What the exercise asks
Output each line of the data word for word, from the first through the line that holds "Gamma5_sh = 800", and leave off whatever follows.

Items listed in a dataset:
=== Section Start ===

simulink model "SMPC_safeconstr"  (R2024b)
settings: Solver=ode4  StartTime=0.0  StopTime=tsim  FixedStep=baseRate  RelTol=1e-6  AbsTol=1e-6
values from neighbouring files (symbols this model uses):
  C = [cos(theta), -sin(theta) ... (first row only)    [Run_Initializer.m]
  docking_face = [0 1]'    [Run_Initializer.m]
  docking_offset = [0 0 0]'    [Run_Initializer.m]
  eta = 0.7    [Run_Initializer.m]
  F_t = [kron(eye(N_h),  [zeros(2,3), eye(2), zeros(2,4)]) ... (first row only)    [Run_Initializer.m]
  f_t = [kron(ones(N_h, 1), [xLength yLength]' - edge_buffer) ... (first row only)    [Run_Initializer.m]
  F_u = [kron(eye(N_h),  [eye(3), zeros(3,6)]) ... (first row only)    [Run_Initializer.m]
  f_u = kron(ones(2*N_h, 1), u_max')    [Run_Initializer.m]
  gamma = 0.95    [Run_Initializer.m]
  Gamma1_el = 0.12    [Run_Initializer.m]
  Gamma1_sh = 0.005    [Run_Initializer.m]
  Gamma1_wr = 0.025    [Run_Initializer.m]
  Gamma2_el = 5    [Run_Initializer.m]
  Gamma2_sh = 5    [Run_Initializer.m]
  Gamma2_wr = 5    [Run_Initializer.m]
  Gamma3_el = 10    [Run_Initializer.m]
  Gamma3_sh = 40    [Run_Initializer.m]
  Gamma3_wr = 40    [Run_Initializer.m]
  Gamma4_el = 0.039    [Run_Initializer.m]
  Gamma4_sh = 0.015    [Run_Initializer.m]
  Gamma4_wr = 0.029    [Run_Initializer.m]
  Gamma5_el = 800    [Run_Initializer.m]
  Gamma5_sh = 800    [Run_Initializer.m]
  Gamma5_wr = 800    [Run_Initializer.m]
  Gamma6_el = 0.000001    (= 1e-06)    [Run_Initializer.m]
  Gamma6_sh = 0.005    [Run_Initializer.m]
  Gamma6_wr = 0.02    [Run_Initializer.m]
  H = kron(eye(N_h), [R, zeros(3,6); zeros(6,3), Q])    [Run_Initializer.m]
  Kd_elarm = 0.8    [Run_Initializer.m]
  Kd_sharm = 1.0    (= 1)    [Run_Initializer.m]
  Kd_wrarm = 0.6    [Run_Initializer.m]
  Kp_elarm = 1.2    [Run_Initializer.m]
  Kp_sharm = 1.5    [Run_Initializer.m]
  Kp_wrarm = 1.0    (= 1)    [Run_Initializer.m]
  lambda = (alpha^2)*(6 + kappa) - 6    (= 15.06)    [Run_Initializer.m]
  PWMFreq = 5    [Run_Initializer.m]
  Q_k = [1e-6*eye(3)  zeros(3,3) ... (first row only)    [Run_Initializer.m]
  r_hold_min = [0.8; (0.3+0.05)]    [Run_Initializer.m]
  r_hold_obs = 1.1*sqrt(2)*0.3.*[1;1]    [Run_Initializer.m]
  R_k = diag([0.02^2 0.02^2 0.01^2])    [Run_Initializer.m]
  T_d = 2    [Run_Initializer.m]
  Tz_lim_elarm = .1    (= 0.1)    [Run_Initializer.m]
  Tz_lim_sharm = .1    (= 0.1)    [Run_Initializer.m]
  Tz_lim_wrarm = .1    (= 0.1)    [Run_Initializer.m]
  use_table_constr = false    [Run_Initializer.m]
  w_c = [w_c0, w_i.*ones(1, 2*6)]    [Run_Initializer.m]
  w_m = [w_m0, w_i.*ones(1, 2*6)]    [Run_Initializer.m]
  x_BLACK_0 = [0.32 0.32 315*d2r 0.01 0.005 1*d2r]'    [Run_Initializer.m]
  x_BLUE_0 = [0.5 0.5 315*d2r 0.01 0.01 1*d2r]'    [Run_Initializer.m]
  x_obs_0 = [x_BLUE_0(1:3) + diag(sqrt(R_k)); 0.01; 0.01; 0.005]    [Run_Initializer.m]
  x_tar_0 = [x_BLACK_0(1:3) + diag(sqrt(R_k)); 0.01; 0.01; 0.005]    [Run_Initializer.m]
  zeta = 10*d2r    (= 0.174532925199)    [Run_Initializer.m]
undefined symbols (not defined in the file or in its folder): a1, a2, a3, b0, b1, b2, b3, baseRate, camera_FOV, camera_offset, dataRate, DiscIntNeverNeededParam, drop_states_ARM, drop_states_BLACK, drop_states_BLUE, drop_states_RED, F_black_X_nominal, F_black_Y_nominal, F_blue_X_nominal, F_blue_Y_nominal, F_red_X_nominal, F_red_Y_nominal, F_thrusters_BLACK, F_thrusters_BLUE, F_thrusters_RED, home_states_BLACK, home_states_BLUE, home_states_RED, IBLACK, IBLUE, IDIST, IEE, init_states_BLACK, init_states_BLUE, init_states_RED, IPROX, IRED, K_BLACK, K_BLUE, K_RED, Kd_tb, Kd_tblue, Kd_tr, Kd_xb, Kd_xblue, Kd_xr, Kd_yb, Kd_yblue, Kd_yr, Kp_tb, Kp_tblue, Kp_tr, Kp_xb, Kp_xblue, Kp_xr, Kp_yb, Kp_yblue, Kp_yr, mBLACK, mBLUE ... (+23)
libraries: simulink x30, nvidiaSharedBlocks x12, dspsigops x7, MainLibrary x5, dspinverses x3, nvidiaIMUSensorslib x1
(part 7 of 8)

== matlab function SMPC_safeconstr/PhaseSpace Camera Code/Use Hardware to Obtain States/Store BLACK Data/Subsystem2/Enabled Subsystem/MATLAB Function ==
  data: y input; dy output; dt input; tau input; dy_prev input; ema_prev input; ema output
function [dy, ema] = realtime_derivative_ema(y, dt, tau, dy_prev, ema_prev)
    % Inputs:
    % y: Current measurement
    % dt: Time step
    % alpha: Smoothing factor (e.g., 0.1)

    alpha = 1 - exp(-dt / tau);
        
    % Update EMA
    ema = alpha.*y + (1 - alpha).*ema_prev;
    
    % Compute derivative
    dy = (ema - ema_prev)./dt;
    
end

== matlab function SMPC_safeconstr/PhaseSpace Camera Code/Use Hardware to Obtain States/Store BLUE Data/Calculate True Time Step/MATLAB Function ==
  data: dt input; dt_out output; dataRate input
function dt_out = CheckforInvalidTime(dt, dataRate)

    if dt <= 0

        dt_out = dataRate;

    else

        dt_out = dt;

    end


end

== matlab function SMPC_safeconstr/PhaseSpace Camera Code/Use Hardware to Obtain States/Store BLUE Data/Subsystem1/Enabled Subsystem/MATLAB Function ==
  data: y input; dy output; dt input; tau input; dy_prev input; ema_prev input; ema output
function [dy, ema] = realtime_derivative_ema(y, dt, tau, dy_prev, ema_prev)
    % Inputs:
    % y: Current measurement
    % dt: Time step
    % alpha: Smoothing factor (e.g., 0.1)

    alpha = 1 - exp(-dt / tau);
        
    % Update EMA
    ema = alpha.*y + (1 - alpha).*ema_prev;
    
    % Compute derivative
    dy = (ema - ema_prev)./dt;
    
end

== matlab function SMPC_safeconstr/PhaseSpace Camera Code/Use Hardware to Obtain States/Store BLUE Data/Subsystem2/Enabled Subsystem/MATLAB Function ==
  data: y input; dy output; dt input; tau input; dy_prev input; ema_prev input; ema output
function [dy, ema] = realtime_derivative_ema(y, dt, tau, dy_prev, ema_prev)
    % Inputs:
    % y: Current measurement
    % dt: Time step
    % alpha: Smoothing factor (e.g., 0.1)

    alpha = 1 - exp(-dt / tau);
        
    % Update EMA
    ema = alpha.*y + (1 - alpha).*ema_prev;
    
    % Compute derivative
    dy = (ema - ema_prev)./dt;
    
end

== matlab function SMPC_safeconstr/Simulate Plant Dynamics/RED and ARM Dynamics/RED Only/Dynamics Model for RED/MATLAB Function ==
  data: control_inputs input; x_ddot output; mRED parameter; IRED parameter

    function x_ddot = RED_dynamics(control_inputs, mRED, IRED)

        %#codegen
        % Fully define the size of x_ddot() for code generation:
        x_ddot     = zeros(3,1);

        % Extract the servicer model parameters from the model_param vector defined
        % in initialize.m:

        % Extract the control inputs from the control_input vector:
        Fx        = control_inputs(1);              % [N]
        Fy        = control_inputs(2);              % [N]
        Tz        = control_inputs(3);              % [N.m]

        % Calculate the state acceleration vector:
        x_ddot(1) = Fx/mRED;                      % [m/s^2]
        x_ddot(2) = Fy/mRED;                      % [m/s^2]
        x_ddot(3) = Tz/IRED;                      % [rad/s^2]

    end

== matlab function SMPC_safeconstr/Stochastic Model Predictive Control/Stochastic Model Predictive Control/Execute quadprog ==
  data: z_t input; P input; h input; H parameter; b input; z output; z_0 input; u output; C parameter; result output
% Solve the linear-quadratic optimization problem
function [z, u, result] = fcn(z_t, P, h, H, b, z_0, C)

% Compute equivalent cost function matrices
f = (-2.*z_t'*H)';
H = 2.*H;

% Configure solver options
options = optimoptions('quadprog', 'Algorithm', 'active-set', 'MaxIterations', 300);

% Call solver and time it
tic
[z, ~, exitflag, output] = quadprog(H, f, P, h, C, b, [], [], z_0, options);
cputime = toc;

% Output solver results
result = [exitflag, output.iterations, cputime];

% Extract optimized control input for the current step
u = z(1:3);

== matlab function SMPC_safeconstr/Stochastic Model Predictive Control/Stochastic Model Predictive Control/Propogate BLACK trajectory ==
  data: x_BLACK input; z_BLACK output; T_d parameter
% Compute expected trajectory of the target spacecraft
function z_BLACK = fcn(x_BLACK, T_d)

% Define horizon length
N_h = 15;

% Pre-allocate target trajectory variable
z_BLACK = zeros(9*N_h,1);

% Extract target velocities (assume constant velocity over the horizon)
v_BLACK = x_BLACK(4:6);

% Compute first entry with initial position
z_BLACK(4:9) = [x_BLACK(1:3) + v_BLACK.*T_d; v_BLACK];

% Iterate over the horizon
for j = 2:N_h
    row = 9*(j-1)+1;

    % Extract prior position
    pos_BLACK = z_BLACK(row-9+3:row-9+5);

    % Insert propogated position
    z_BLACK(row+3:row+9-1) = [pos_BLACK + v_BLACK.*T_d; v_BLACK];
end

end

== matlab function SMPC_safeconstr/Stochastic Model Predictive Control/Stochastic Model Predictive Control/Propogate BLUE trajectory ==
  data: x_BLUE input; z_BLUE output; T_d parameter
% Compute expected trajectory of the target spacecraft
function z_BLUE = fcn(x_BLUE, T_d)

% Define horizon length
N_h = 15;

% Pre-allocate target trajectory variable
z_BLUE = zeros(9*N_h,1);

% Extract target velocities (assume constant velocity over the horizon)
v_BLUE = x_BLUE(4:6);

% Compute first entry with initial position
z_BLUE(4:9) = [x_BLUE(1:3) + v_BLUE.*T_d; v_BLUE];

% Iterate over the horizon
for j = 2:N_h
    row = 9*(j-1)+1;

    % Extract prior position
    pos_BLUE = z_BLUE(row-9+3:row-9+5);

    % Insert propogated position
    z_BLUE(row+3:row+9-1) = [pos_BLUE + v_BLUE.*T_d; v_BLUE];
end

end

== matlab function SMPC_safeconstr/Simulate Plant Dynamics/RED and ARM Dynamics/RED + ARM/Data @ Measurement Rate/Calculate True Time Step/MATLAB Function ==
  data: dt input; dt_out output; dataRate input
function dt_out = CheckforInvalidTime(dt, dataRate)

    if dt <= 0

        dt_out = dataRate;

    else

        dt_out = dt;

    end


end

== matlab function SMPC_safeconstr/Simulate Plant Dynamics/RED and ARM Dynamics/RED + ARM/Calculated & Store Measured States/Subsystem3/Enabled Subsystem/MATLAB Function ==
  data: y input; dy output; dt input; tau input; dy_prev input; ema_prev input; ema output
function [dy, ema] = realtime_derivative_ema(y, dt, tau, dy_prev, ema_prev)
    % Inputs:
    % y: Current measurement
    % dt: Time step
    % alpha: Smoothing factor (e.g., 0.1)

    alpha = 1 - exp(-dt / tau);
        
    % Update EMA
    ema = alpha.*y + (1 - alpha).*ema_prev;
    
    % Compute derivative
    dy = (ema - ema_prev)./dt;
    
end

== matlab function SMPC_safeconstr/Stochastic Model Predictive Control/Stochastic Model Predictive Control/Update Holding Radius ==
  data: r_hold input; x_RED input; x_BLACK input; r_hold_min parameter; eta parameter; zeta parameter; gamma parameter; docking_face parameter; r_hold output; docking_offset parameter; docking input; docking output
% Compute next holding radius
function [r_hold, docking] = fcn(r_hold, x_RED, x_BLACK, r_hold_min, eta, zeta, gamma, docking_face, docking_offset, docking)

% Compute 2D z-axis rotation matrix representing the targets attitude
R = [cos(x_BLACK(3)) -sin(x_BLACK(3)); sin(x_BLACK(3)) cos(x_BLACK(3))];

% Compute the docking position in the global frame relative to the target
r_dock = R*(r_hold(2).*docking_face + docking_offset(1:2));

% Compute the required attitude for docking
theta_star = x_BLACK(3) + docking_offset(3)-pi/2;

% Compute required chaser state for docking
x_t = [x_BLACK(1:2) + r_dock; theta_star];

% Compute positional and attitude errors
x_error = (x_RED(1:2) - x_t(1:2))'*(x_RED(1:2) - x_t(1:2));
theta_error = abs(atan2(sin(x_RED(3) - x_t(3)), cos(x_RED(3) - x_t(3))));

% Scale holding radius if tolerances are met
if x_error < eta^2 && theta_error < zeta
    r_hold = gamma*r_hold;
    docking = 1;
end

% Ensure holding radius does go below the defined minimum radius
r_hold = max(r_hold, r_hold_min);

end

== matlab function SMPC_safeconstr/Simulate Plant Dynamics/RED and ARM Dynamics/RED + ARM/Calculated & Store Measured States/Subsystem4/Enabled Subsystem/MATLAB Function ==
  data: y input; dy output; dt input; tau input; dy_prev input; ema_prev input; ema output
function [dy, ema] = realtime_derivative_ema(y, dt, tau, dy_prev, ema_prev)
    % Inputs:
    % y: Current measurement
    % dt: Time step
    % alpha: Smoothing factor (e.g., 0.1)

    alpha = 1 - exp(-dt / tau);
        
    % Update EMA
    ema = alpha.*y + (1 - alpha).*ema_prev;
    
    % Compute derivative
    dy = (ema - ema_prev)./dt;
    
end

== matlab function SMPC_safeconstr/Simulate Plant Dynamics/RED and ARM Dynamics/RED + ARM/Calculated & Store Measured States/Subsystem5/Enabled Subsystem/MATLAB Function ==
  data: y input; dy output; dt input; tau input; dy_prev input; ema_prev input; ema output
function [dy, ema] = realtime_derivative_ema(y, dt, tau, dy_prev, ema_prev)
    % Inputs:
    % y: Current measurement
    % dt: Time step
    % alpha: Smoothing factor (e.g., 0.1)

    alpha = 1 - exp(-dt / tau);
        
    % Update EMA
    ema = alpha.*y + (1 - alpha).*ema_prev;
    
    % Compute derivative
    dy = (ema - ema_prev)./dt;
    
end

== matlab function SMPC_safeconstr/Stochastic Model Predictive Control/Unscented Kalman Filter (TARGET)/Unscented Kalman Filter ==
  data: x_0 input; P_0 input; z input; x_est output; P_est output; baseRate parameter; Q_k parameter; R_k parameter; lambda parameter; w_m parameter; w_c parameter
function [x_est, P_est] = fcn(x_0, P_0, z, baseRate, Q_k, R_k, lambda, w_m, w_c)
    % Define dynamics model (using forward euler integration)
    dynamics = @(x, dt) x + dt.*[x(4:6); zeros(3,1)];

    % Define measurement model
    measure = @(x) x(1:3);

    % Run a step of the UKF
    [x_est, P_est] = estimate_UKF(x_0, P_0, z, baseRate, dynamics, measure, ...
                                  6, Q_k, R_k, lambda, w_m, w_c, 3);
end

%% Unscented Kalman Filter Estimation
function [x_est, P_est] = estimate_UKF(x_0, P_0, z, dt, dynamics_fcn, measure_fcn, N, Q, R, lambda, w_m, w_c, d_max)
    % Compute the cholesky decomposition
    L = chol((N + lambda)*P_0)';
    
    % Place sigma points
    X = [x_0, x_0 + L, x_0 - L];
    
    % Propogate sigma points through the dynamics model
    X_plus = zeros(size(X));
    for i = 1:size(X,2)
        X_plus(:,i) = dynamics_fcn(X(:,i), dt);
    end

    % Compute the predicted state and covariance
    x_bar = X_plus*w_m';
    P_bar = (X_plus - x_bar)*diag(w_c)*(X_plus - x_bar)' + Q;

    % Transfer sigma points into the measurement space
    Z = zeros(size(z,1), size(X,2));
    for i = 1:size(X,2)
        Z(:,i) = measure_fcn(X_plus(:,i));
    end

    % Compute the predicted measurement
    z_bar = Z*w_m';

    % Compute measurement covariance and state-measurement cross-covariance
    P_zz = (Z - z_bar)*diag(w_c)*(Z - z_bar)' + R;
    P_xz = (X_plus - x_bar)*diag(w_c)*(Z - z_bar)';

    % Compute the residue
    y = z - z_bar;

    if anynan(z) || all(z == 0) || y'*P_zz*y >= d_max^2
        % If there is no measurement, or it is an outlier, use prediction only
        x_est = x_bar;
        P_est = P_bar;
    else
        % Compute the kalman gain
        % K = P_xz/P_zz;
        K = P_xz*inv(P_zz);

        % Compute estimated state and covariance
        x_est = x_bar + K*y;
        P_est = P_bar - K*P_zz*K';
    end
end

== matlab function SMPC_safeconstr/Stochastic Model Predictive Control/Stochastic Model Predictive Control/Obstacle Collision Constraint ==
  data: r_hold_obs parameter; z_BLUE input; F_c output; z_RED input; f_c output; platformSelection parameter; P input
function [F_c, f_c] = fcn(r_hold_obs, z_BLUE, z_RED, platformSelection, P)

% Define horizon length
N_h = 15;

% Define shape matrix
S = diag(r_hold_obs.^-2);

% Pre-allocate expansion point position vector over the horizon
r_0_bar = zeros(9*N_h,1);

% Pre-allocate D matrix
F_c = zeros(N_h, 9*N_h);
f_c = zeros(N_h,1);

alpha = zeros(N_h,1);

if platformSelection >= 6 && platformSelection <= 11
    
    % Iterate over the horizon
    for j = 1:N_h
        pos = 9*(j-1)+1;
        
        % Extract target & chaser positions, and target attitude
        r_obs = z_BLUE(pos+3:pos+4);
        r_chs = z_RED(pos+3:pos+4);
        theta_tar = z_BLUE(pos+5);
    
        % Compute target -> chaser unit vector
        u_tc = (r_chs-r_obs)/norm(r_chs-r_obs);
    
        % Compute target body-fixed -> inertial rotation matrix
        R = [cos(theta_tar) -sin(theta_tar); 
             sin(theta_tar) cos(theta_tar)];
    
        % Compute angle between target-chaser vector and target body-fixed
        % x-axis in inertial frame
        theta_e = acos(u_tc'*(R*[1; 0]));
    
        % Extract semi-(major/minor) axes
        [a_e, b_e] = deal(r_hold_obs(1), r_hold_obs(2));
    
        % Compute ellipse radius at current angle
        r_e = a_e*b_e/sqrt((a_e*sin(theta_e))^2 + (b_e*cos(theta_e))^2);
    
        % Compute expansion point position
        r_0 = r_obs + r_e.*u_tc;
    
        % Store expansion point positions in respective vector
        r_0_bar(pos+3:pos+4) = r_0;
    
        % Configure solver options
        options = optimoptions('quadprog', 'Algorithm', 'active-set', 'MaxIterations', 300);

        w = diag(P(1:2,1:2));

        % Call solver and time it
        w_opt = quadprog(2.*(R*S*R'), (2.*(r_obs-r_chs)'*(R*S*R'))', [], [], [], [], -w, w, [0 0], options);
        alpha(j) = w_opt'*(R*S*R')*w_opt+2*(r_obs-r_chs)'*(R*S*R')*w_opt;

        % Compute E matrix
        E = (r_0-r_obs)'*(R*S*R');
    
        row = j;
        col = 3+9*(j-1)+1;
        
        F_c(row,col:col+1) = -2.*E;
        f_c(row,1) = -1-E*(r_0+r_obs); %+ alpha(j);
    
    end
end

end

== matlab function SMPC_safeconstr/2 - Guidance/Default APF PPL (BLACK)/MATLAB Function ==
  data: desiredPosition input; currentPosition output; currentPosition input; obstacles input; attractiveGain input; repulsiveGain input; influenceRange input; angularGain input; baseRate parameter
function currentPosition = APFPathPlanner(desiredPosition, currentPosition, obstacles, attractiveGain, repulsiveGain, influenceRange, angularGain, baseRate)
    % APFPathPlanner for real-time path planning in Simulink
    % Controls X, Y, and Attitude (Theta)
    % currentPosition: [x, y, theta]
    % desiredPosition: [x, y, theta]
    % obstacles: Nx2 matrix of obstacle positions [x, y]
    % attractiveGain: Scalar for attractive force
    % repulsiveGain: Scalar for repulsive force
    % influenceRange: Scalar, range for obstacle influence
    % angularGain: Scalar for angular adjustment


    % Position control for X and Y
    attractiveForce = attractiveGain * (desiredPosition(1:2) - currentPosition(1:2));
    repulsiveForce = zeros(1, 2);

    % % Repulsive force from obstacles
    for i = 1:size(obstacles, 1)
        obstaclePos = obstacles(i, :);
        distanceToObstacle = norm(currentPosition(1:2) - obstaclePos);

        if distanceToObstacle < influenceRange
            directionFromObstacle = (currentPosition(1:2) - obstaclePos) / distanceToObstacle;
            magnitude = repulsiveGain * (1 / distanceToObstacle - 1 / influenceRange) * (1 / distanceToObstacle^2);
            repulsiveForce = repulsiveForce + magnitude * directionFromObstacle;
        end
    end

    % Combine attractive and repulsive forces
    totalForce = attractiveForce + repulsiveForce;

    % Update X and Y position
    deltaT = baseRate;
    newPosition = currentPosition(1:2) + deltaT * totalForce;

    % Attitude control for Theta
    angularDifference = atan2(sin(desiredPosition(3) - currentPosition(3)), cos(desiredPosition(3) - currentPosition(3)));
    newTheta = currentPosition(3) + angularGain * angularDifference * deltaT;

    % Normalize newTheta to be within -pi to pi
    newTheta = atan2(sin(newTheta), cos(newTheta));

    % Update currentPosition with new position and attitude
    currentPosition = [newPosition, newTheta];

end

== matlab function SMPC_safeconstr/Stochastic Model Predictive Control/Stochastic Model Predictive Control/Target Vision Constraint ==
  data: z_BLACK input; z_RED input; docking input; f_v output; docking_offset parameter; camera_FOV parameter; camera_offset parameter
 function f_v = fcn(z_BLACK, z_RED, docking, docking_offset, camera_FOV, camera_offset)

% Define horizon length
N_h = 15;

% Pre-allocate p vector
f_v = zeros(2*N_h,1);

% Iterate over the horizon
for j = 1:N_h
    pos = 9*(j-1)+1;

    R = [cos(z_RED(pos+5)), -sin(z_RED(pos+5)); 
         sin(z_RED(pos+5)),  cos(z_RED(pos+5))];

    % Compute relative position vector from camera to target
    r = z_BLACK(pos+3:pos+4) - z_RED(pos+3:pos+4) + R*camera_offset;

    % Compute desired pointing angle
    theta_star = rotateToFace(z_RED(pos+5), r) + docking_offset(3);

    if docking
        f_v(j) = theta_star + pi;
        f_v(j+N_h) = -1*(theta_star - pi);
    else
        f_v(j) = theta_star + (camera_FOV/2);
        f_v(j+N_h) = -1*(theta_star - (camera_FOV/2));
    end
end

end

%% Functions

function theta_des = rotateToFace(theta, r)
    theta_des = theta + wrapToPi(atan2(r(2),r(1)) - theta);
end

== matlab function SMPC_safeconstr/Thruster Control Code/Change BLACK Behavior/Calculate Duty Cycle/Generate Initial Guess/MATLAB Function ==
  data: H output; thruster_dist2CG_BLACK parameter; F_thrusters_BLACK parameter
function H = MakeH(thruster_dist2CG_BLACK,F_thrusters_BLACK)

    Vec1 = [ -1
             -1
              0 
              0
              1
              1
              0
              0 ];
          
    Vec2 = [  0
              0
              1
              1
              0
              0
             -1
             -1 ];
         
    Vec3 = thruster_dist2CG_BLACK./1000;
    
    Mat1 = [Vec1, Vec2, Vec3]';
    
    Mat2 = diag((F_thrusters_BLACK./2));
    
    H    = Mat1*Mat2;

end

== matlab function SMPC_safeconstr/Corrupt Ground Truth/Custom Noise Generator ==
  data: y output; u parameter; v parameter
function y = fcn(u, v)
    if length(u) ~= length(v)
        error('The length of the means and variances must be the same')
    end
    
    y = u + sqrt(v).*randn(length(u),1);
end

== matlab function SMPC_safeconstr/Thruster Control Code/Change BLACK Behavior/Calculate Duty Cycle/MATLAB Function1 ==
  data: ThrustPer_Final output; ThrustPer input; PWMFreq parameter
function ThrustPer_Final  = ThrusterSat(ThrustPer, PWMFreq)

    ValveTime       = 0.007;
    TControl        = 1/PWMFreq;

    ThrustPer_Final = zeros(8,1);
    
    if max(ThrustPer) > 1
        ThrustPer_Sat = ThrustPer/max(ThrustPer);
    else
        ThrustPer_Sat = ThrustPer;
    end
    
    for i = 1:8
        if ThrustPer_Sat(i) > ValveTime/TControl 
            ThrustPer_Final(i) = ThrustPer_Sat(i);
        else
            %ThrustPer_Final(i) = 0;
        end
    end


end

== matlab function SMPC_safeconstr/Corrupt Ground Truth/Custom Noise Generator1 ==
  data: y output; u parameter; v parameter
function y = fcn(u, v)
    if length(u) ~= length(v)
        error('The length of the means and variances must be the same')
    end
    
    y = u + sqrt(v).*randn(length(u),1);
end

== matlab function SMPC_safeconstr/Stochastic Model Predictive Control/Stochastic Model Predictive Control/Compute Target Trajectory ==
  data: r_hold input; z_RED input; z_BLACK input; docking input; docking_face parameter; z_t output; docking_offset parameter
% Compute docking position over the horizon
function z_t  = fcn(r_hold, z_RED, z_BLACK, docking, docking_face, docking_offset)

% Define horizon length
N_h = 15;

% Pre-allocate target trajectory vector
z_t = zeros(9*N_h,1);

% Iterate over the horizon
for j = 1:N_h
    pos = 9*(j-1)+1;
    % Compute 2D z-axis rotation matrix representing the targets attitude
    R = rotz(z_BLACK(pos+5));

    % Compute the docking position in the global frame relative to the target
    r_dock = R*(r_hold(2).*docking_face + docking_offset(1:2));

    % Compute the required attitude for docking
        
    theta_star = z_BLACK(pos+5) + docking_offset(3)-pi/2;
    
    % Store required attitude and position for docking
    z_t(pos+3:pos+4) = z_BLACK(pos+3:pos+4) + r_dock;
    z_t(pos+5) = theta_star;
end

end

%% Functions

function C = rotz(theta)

=== Section End ===

Answer box
simulink model "SMPC_safeconstr"  (R2024b)
settings: Solver=ode4  StartTime=0.0  StopTime=tsim  FixedStep=baseRate  RelTol=1e-6  AbsTol=1e-6
values from neighbouring files (symbols this model uses):
  C = [cos(theta), -sin(theta) ... (first row only)    [Run_Initializer.m]
  docking_face = [0 1]'    [Run_Initializer.m]
  docking_offset = [0 0 0]'    [Run_Initializer.m]
  eta = 0.7    [Run_Initializer.m]
  F_t = [kron(eye(N_h),  [zeros(2,3), eye(2), zeros(2,4)]) ... (first row only)    [Run_Initializer.m]
  f_t = [kron(ones(N_h, 1), [xLength yLength]' - edge_buffer) ... (first row only)    [Run_Initializer.m]
  F_u = [kron(eye(N_h),  [eye(3), zeros(3,6)]) ... (first row only)    [Run_Initializer.m]
  f_u = kron(ones(2*N_h, 1), u_max')    [Run_Initializer.m]
  gamma = 0.95    [Run_Initializer.m]
  Gamma1_el = 0.12    [Run_Initializer.m]
  Gamma1_sh = 0.005    [Run_Initializer.m]
  Gamma1_wr = 0.025    [Run_Initializer.m]
  Gamma2_el = 5    [Run_Initializer.m]
  Gamma2_sh = 5    [Run_Initializer.m]
  Gamma2_wr = 5    [Run_Initializer.m]
  Gamma3_el = 10    [Run_Initializer.m]
  Gamma3_sh = 40    [Run_Initializer.m]
  Gamma3_wr = 40    [Run_Initializer.m]
  Gamma4_el = 0.039    [Run_Initializer.m]
  Gamma4_sh = 0.015    [Run_Initializer.m]
  Gamma4_wr = 0.029    [Run_Initializer.m]
  Gamma5_el = 800    [Run_Initializer.m]
  Gamma5_sh = 800    [Run_Initializer.m]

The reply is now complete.